Warga Nigeria yang Mengungsi Takut Boko Haram, Bertahan di Penampungan yang Ditutup

Maiduguri, Nigeria – Sudah empat bulan sejak otoritas mengevakuasi 22.000 orang dan membongkar sistem pasokan airnya, kamp pengungsi Muna di Maiduguri kini hanyalah bayangan dari masa lalunya yang ramai. Namun, Maryam Suleiman, seorang janda berusia 50 tahun, menolak untuk pergi.

Suleiman beserta kedua belas anaknya masih tidur di bawah atap bocor kamp di Negara Bagian Borno, Nigeria timur laut itu, meski struktur bangunan di sekitar mereka perlahan runtuh.

“Mereka memberi kami pilihan untuk tetap tinggal atau pulang ke kampung halaman,” ujar sang ibu kepada Al Jazeera, berdiri di atas sisa-sisa lokasi yang telah menjadi rumah bagi keluarganya selama satu dekade. “Tetapi, mereka masih membunuh orang di sana.”

Kampung halamannya, Dongo di wilayah pemerintah lokal Mafa – berjarak 49 km dari Maiduguri – adalah tempat di mana para pejuang Boko Haram membunuh kedua adik laki-lakinya pada tahun 2014. Itu juga tempat di mana pemerintah bersikeras ia harus kembali, dengan mendeklarasikan area tersebut telah aman dari kelompok yang telah menewaskan 15.889 orang dan mengungsi-kan 3,9 juta jiwa di seluruh Nigeria timur laut.

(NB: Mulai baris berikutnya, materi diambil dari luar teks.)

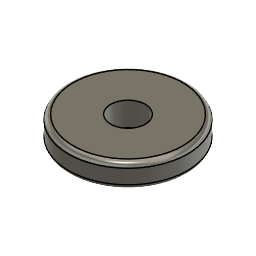
MurlokVR_M1.4_Washers_v1.0 (Autodesk Fusion 360 design; units mm, degrees)
part number: 2026-06-28-14-49-14-930
Autodesk Fusion 360 part; units mm, degrees
sketch "Sketch1" plane through (0, 0, 0) normal (0, 1, 0) x (1, 0, 0)
  circle A0 centre (0, 0) radius 0.725
  circle A1 centre (0, 0) radius 2.5
  dimension "d1" = 1.45
  dimension "d2" = 5
  constraint coincident A0.centre A1.centre
  constraint concentric A0 A1
  measures "d1" diameter of A0
  measures "d2" diameter of A1
extrude "Extrude1" add sketch "Sketch1" along normal blind 1
fillet "Fillet1" radius 0.2 2 edges at (-2.3308, 1, 0.904) (-2.3308, 0, 0.904)

Suleiman termasuk dari ratusan orang yang menolak evakuasi ketika Gubernur Borno Babagana Umara Zulum memerintahkan semua kamp ditutup pada tahun 2023, dengan mengutip peningkatan keamanan dan kebutuhan untuk “memulihkan martabat” para populasi pengungsi.

Namun pada Mei 2025, hanya beberapa bulan setelah pemukiman kembali dimulai, Boko Haram melancarkan serangan baru di Marte, menewaskan lima tentara di sebuah pangkalan militer. Insiden serupa terjadi kemudian di Dikwa, Rann, Gajiram, dan komunitas-komunitas “aman” lainnya.

Menurut surat kabar Daily Trust, lebih dari 90 orang telah tewas dalam lima bulan terakhir di seluruh Negara Bagian Borno. Serangan di Marte saja memaksa 20.000 penduduk yang baru saja menetap kembali untuk melarikan diri untuk kedua kalinya.

“Aku ingat masa-masa itu, komunitas kami kaya akan hasil pertanian,” kenang Suleiman tentang kehidupan sebelum tahun 2009, ketika Boko Haram memulai kampanye kekerasannya terhadap pendidikan Barat. “Orang-orang dari Maiduguri berdatangan ke komunitas kami untuk berdagang. Aku tidak ingat pernah mengunjungi Maiduguri karena semua yang kuinginkan ada di desaku.”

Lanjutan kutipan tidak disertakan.